"I know where I'm going and I know the truth, and I don't have to be what you want me to be. I'm free to be what I want." - Muhammad Ali
Taken from Mastin at The Daily Love.com
You want love, right? You want to both love and be loved. You want intimacy and chemistry. You want to feel free.
I have a question for you.
Do you have the courage to let love in?
This is not as easy as it sounds. On the surface, the answer we all want to give is: YES, OF COURSE I DO!
But let's unpack the question and see what it takes to have this courageous.
To let Love in mean be willing to lose it. To let Love in means being willing to be hurt again. To let over in means facing the wounds and hurts from the past that will come up and having the courage to let your new awareness transform those past wounds into wisdom.

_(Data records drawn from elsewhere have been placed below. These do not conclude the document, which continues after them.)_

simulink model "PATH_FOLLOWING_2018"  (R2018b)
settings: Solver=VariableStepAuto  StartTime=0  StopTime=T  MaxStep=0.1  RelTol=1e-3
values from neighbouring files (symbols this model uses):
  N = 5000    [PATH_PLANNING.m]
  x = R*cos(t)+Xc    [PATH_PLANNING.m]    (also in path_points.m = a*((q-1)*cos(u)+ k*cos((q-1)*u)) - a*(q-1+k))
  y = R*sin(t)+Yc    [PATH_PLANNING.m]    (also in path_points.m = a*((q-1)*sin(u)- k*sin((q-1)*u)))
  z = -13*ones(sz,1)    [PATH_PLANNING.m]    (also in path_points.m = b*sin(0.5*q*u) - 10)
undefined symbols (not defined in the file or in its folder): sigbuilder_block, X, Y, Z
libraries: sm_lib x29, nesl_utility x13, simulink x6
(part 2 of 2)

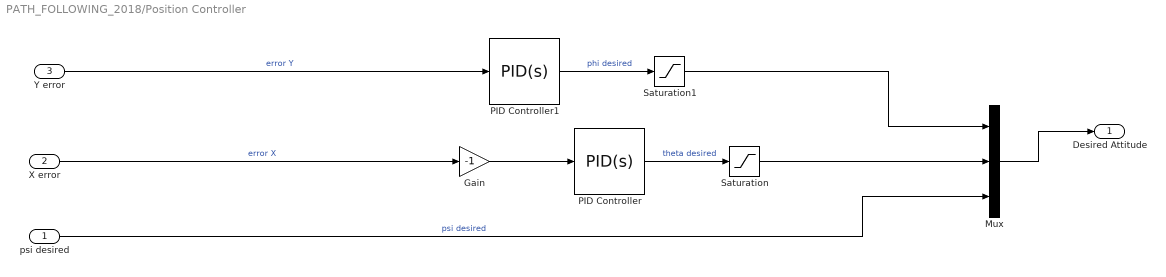
== system PATH_FOLLOWING_2018/Position Controller ==
  psi desired : Inport
  X error : Inport  Port=2
  Y error : Inport  Port=3
  Gain : Gain  Gain=-1
  Mux : Mux  Inputs=3
  PID Controller : simulink/Continuous/PID Controller  Controller=PID  Form=Parallel  TimeDomain=Continuous-time  SampleTime=-1  IntegratorMethod=Forward Euler  ControllerParametersSource=internal  P=0.1  I=0.001  D=0.2  UseFilter=on  N=100  TunerSelectOption=Transfer Function Based (PID Tuner App)  InitialConditionSource=internal  InitialConditionForIntegrator=0  InitialConditionForFilter=0  DifferentiatorICPrevScaledInput=0  ExternalReset=none  TrackingMode=off  Kt=1  LimitOutput=off  UpperSaturationLimit=inf  LowerSaturationLimit=-inf  LinearizeAsGain=on  AntiWindupMode=none  Kb=1  POutMin=[]  POutMax=[]  IOutMin=[]  IOutMax=[]  DOutMin=[]  DOutMax=[]  NOutMin=[]  NOutMax=[]  SumOutMin=[]  SumOutMax=[]  SaturationOutMin=[]  SaturationOutMax=[]  PParamMin=[]  PParamMax=[]  IParamMin=[]  IParamMax=[]  DParamMin=[]  DParamMax=[]  NParamMin=[]  NParamMax=[]  KbParamMin=[]  KbParamMax=[]  KtParamMin=[]  KtParamMax=[]  KbOutMin=[]  KbOutMax=[]  KtOutMin=[]  KtOutMax=[]  IntegratorOutMin=[]  IntegratorOutMax=[]  FilterOutMin=[]  FilterOutMax=[]  SumI1OutMin=[]  SumI1OutMax=[]  SumI2OutMin=[]  SumI2OutMax=[]  SumI3OutMin=[]  SumI3OutMax=[]  SumI4OutMin=[]  SumI4OutMax=[]  SumDOutMin=[]  SumDOutMax=[]  DifferentiatorOutMin=[]  DifferentiatorOutMax=[]  FilterDiffOutCoefMin=[]  FilterDiffOutCoefMax=[]  ReciprocalOutMin=[]  ReciprocalOutMax=[]  SumDenOutMin=[]  SumDenOutMax=[]  SumNumOutMin=[]  SumNumOutMax=[]  DivideOutMin=[]  DivideOutMax=[]  IntegratorContinuousStateAttributes=''  IntegratorStateMustResolveToSignalObject=off  IntegratorRTWStateStorageClass=Auto  FilterContinuousStateAttributes=''  FilterStateMustResolveToSignalObject=off  FilterRTWStateStorageClass=Auto  ParallelPVariant=InternalParameters  IdealPVariant=Disabled  IVariant=InternalParameters  DVariant=InternalParameters  IntegratorVariant=Continuous  SatVariant=Disabled  AWVariant=Passthrough  PCopyVariant=Disabled  TRVariant=Disabled  FdbkBlocksVariant=Forward  IdealPFdbkVariant=Disabled  SatFdbkVariant=Disabled  DerivativeFilterVariant=ContFilter  NVariant=InternalParameters  NCopyVariant=Disabled  FilterICVariant=InternalICsFilter  IntegratorICVariant=InternalICs  ExternalResetVariant=Disabled  TRSumVariant=Passthrough  SumFdbkVariant=Disabled  SumVariant=Sum_PID
  PID Controller1 : simulink/Continuous/PID Controller  Controller=PID  Form=Parallel  TimeDomain=Continuous-time  SampleTime=-1  IntegratorMethod=Forward Euler  ControllerParametersSource=internal  P=0.1  I=0.001  D=0.2  UseFilter=on  N=100  TunerSelectOption=Transfer Function Based (PID Tuner App)  InitialConditionSource=internal  InitialConditionForIntegrator=0  InitialConditionForFilter=0  DifferentiatorICPrevScaledInput=0  ExternalReset=none  TrackingMode=off  Kt=1  LimitOutput=off  UpperSaturationLimit=inf  LowerSaturationLimit=-inf  LinearizeAsGain=on  AntiWindupMode=none  Kb=1  POutMin=[]  POutMax=[]  IOutMin=[]  IOutMax=[]  DOutMin=[]  DOutMax=[]  NOutMin=[]  NOutMax=[]  SumOutMin=[]  SumOutMax=[]  SaturationOutMin=[]  SaturationOutMax=[]  PParamMin=[]  PParamMax=[]  IParamMin=[]  IParamMax=[]  DParamMin=[]  DParamMax=[]  NParamMin=[]  NParamMax=[]  KbParamMin=[]  KbParamMax=[]  KtParamMin=[]  KtParamMax=[]  KbOutMin=[]  KbOutMax=[]  KtOutMin=[]  KtOutMax=[]  IntegratorOutMin=[]  IntegratorOutMax=[]  FilterOutMin=[]  FilterOutMax=[]  SumI1OutMin=[]  SumI1OutMax=[]  SumI2OutMin=[]  SumI2OutMax=[]  SumI3OutMin=[]  SumI3OutMax=[]  SumI4OutMin=[]  SumI4OutMax=[]  SumDOutMin=[]  SumDOutMax=[]  DifferentiatorOutMin=[]  DifferentiatorOutMax=[]  FilterDiffOutCoefMin=[]  FilterDiffOutCoefMax=[]  ReciprocalOutMin=[]  ReciprocalOutMax=[]  SumDenOutMin=[]  SumDenOutMax=[]  SumNumOutMin=[]  SumNumOutMax=[]  DivideOutMin=[]  DivideOutMax=[]  IntegratorContinuousStateAttributes=''  IntegratorStateMustResolveToSignalObject=off  IntegratorRTWStateStorageClass=Auto  FilterContinuousStateAttributes=''  FilterStateMustResolveToSignalObject=off  FilterRTWStateStorageClass=Auto  ParallelPVariant=InternalParameters  IdealPVariant=Disabled  IVariant=InternalParameters  DVariant=InternalParameters  IntegratorVariant=Continuous  SatVariant=Disabled  AWVariant=Passthrough  PCopyVariant=Disabled  TRVariant=Disabled  FdbkBlocksVariant=Forward  IdealPFdbkVariant=Disabled  SatFdbkVariant=Disabled  DerivativeFilterVariant=ContFilter  NVariant=InternalParameters  NCopyVariant=Disabled  FilterICVariant=InternalICsFilter  IntegratorICVariant=InternalICs  ExternalResetVariant=Disabled  TRSumVariant=Passthrough  SumFdbkVariant=Disabled  SumVariant=Sum_PID
  Saturation : Saturate  UpperLimit=0.7  LowerLimit=-0.7
  Saturation1 : Saturate  UpperLimit=0.7  LowerLimit=-0.7
  Desired Attitude : Outport  PortDimensions=3
  wires:
  Y error/1 -> PID Controller1/1  "error Y"
  Mux/1 -> Desired Attitude/1
  PID Controller1/1 -> Saturation1/1  "phi desired"
  PID Controller/1 -> Saturation/1  "theta desired"
  X error/1 -> Gain/1  "error X"
  Gain/1 -> PID Controller/1
  Saturation/1 -> Mux/2
  Saturation1/1 -> Mux/1
  psi desired/1 -> Mux/3  "psi desired"

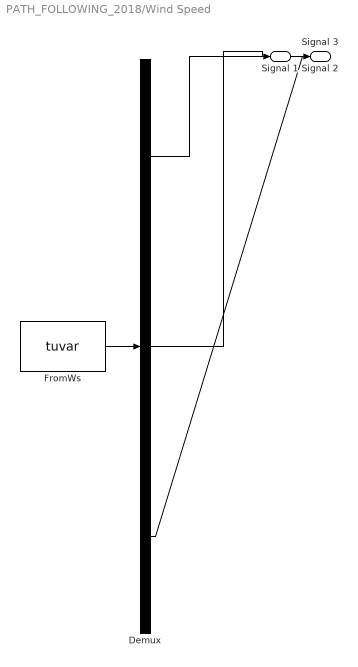
== system PATH_FOLLOWING_2018/Wind Speed ==
  Demux : Demux  Tag=STV Demux  Outputs=3
      settings: DisplayOption=none
  FromWs : FromWorkspace  Tag=STV FromWs  VariableName=tuvar
      SigBuilderData=|
      | common.afterFinalStr = 'Extrapolate'
      | common.sampleTime = 0
      | dataSet.timeRange = [0 10]
      | dataSet.name = 'Group 1'
      | sbobj.Groups.Name = 'Group 1'
      | sbobj.Groups.Signals(1).Name = 'Signal 1'
      | sbobj.Groups.Signals(1).XData = [0 4 4 7 7 10]
      | sbobj.Groups.Signals(1).YData = [0 0.01 1.15 1.15 0 0]
      | sbobj.Groups.Signals(2).Name = 'Signal 2'
      | sbobj.Groups.Signals(2).XData = [0 3.5 4 6 7 10]
      | sbobj.Groups.Signals(2).YData = [0 0 1 1 0 0]
      | sbobj.Groups.Signals(3).Name = 'Signal 3'
      | sbobj.Groups.Signals(3).XData = [0 3 4 6 6 10]
      | sbobj.Groups.Signals(3).YData = [0 0 0.14 0.14 0 0]
  Signal 1 : Outport  Tag=STV Outport
  Signal 2 : Outport  Tag=STV Outport  Port=2
  Signal 3 : Outport  Tag=STV Outport  Port=3
  wires:
  Demux/1 -> Signal 1/1
  FromWs/1 -> Demux/1
  Demux/2 -> Signal 2/1
  Demux/3 -> Signal 3/1

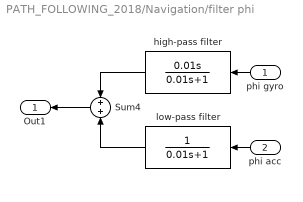
== system PATH_FOLLOWING_2018/Navigation/filter phi ==
  phi gyro : Inport
  phi acc : Inport  Port=2
  Sum4 : Sum  Inputs=+|+
  high-pass filter : TransferFcn  Numerator=[0.01 0]  Denominator=[0.01 1]
  low-pass filter : TransferFcn  Denominator=[0.01 1]
  Out1 : Outport
  wires:
  high-pass filter/1 -> Sum4/1
  phi gyro/1 -> high-pass filter/1
  phi acc/1 -> low-pass filter/1
  low-pass filter/1 -> Sum4/2
  Sum4/1 -> Out1/1

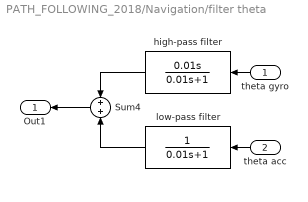
== system PATH_FOLLOWING_2018/Navigation/filter theta ==
  theta gyro : Inport
  theta acc : Inport  Port=2
  Sum4 : Sum  Inputs=+|+
  high-pass filter : TransferFcn  Numerator=[0.01 0]  Denominator=[0.01 1]
  low-pass filter : TransferFcn  Denominator=[0.01 1]
  Out1 : Outport
  wires:
  Sum4/1 -> Out1/1
  low-pass filter/1 -> Sum4/2
  theta acc/1 -> low-pass filter/1
  theta gyro/1 -> high-pass filter/1
  high-pass filter/1 -> Sum4/1

== matlab function PATH_FOLLOWING_2018/Wind ==
  data: V_wind input; Fw output; V input
function Fw = fcn(V_wind,V)
CD = 0.20 ;
A_side = 1.6 * 0.6;

Fw = 0.5*A_side*CD*(V_wind-V).*abs(V_wind-V);

== matlab function PATH_FOLLOWING_2018/Plant ==
  data: phi_ output; theta_ output; psi_ output; phi output; theta output; psi output; X_dd output; w1 input; w2 input; w3 input; w4 input; q0 input; q1 input; q2 input; q3 input; w_d output; w input; q0_d output; q1_d output; q2_d output; q3_d output; F_wind input
function [phi_,theta_,psi_,phi,theta,psi,X_dd,w_d,q0_d,q1_d,q2_d,q3_d]= fcn( w1, w2, w3, w4, q0, q1,  q2, q3, w, F_wind)
m = 10.073;
g = 9.81;
CT = 3.42e-4;
Cm = 7.76e-6;
b = 0.6;
gama1 = 0;
gama2 = 0;

T1 = 0.5*CT*w1^2;
T2 = 0.5*CT*w2^2;
T3 = 0.5*CT*w3^2;
T4 = 0.5*CT*w4^2;


R_I_b = [ q0^2+q1^2-q2^2-q3^2 , 2*(q1*q2 + q0*q3), 2*(q1*q3-q0*q2);
       2*(q1*q2-q0*q3), q0^2-q1^2+q2^2-q3^2 , 2*(q2*q3+q0*q1);
       2*(q1*q3+q0*q2) , 2*(q2*q3-q0*q1), q0^2-q1^2-q2^2+q3^2 ];
   
R_b_I = R_I_b';
F = R_b_I * [T1*sin(gama1)+T2*sin(gama2);0;-(T1*cos(gama1)+T2*cos(gama2)+T3+T4)];

X_dd = (F+[0;0;m*g]+F_wind)/m ;

I = [ 0.09696    -0.000007  0.0163;
      -0.000007     0.161      0.0 ;
     0.0163   0.0  0.210 ];
 
p = w(1); q = w(2); r = w(3);

Sw = [0 -r  q;...
      r  0 -p;...
     -q  p  0];

M = [b*( -T1*cos(gama1)+T2*cos(gama2)+T3-T4 ) + Cm/CT*( -T1*sin(gama1)+T2*sin(gama2) );...
     b*( T1*cos(gama1)+T2*cos(gama2)-T3-T4 );...
     Cm/CT *( T1*cos(gama1)-T2*cos(gama2)+T3-T4 ) + b*T2*sin(gama2) - b*T1*sin(gama1)];
 
w_d = I\(M - Sw*I*w);

G=0.5*[0 -p -q -r;
       p  0  r -q;
       q -r  0  p;
       r  q -p  0];
   
q_d = G*[q0;q1;q2;q3];
q0_d=q_d(1);
q1_d=q_d(2);
q2_d=q_d(3);
q3_d=q_d(4);

phi=atan(2*(q0*q1+q2*q3)/(1-2*(q1^2+q2^2)));
theta=real(asin(complex(2*(q0*q2-q1*q3))));
psi=atan2(2*(q0*q3+q1*q2),(1-2*(q2^2+q3^2)));
angles = quat2eul([q0,q1,q2,q3],'XYZ');
phi_=angles(1); theta_=angles(2); psi_=angles(3);
%phi_=0; theta_=0; psi_=0;
end

== matlab function PATH_FOLLOWING_2018/Mixer ==
  data: Mx input; w1 output; w2 output; My input; Mz input; w3 output; w4 output; fz input
function [w1,w2,w3,w4] = fcn(Mx,My,Mz,fz)
% both M and f should be in body's coordinate
m = 10.073;
g = 9.81;
CT = 3.42e-4;
Cm = 7.76e-6;
b = 0.6;
gama1=0; gama2=0;

c1=cos(gama1); c2=cos(gama2); s1=sin(gama1); s2=sin(gama2);
AB =[-b*c1-Cm/CT*s1, b*c2+Cm/CT*s2,    b,   -b;
    b*c1,          b*c2,             -b,      -b;
    -b*s1+Cm/CT*c1, b*s2-Cm/CT*c2,     Cm/CT,  -Cm/CT;
     -c1,          -c2,               -1,      -1];

T = AB\[Mx;My;Mz;fz];
T1=T(1);  T2=T(2);  T3=T(3);  T4=T(4);  

w1 = sqrt(T1/(0.5*CT));
w2 = sqrt(T2/(0.5*CT));
w3 = sqrt(T3/(0.5*CT));
w4 = sqrt(T4/(0.5*CT));
end

== matlab function PATH_FOLLOWING_2018/Inertia to body transformer ==
  data: input input; y output; phi input; theta input; psi input
function y = fcn(input,phi,theta,psi)
phi=0; theta=0;
xI=input(1); yI=input(2); zI=input(3); 
XI=[xI;yI;zI];
y = zeros(3,1);

R_I_b = [cos(psi)*cos(theta), sin(psi)*cos(theta), -sin(theta);...
     -sin(psi)*cos(phi)+cos(psi)*sin(theta)*sin(phi), cos(psi)*cos(phi)+sin(psi)*sin(theta)*sin(phi), cos(theta)*sin(phi);...
     sin(psi)*sin(phi)+cos(psi)*sin(theta)*cos(phi), -cos(psi)*sin(phi)+sin(psi)*sin(theta)*cos(phi), cos(theta)*cos(phi)];

Xb = R_I_b*XI;

y = [ Xb(1); Xb(2); Xb(3)];
end

== matlab function PATH_FOLLOWING_2018/Attitude Controller/wrapping to pi ==
  data: psi_error input; y output
function y = fcn(psi_error)
y = wrapToPi(psi_error);

== matlab function PATH_FOLLOWING_2018/Navigation/angular velocity to euler rate ==
  data: euler input; euler_rate output; ang_vel input
function euler_rate = fcn(euler,ang_vel)
euler_rate = zeros(3,1);
phi = euler(1); theta = euler(2); psi = euler(3);
euler_rate =[1 sin(phi)*tan(theta) cos(phi)*tan(theta);
    0 cos(phi) -sin(phi);
    0 sin(phi)/cos(theta) cos(phi)/cos(theta)] * [ang_vel(1);ang_vel(2);ang_vel(3)];
end

== matlab function PATH_FOLLOWING_2018/Navigation/body to inertia transform ==
  data: input input; y output; attitude input
function y = fcn(input,attitude)
xI=input(1); yI=input(2); zI=input(3); 
phi = attitude(1); theta = attitude(2); psi = attitude(3);
XI=[xI;yI;zI];

R_I_b = [cos(psi)*cos(theta), sin(psi)*cos(theta), -sin(theta);...
     -sin(psi)*cos(phi)+cos(psi)*sin(theta)*sin(phi), cos(psi)*cos(phi)+sin(psi)*sin(theta)*sin(phi), cos(theta)*sin(phi);...
     sin(psi)*sin(phi)+cos(psi)*sin(theta)*cos(phi), -cos(psi)*sin(phi)+sin(psi)*sin(theta)*cos(phi), cos(theta)*cos(phi)];

Xb = R_I_b'*XI;

y = [ Xb(1); Xb(2); Xb(3)];
end

== matlab function PATH_FOLLOWING_2018/Inertia to body transformer1 ==
  data: input input; y output; attitude input
function y = fcn(input,attitude)
xI=input(1); yI=input(2); zI=input(3); 
phi = attitude(1); theta = attitude(2); psi = attitude(3);
XI=[xI;yI;zI];

R_I_b = [cos(psi)*cos(theta), sin(psi)*cos(theta), -sin(theta);...
     -sin(psi)*cos(phi)+cos(psi)*sin(theta)*sin(phi), cos(psi)*cos(phi)+sin(psi)*sin(theta)*sin(phi), cos(theta)*sin(phi);...
     sin(psi)*sin(phi)+cos(psi)*sin(theta)*cos(phi), -cos(psi)*sin(phi)+sin(psi)*sin(theta)*cos(phi), cos(theta)*cos(phi)];

Xb = R_I_b*XI;

y = [ Xb(1); Xb(2); Xb(3)];
end

== matlab function PATH_FOLLOWING_2018/Navigation/accelerometer-estimated angles ==
  data: a input; phi output; theta output
function [phi,theta] = fcn(a)
g = 9.81;
theta = asin(clip(-a(1)/g));
phi = asin(clip(a(2)/(g*cos(theta))));
end

function out = clip(x)
lim = 1;
if x>abs(lim)
    out = abs(lim);
elseif  x<=abs(lim) && x>= -abs(lim)
    out = x;
else
    out = -abs(lim);
end

end

Fear and the ego are funny things. They like to keep us pining for Love when we don't seem to have it, and then afraid when we seem to have it. It's a zero sum game. We can't win. We either feel empty because we don't feel like we have Love or we feel terrified because we feel like we are at risk of losing Love.
So, what is the solution? To remember, time and time again, that other people are not the source of our Love. The Uni-verse fills us from within.
We fill ourselves by loving ourselves. We fill ourselves by taking care of ourselves. We fill ourselves by choosing to surround ourselves with loving people and keeping high standards around who we give the privilege of our time to. We also fill ourselves by getting our eyes off of ourselves and being of service to others. We reach out a helping hand to those in need with no expectation of return. We fill ourselves by doing yoga, through meditation and through eating a healthy and alkaline diet.
A relationship does not guarantee happiness and being single doesn't mean you're miserable. To find happiness either being single or being with someone, we must remember that we are imperfect people. And anyone we choose as our partner is also imperfect. When we let go of the illusion that we need to be perfect before we are worthy of being in a relationship and also let go of the illusion that whoever we are in relationship is perfect, we take a step towards happiness.
We begin to realize that relationships are opportunities for us to not only have a partner, but to grow Spiritually. It's a container built for us to face our fears, to let down our guard and to realize our own imperfection, and as a result, cultivate humility. Relationships also teach us about our own self-loathing. And when we can come face to face with our self-loathing, we have the opportunity through our awareness and self-love to recognize it, learn from it and then let it go. By doing this we grow closer to Love, both self-love and Love between ourself and our partner.
So, knowing this, do you have the courage to let Love in?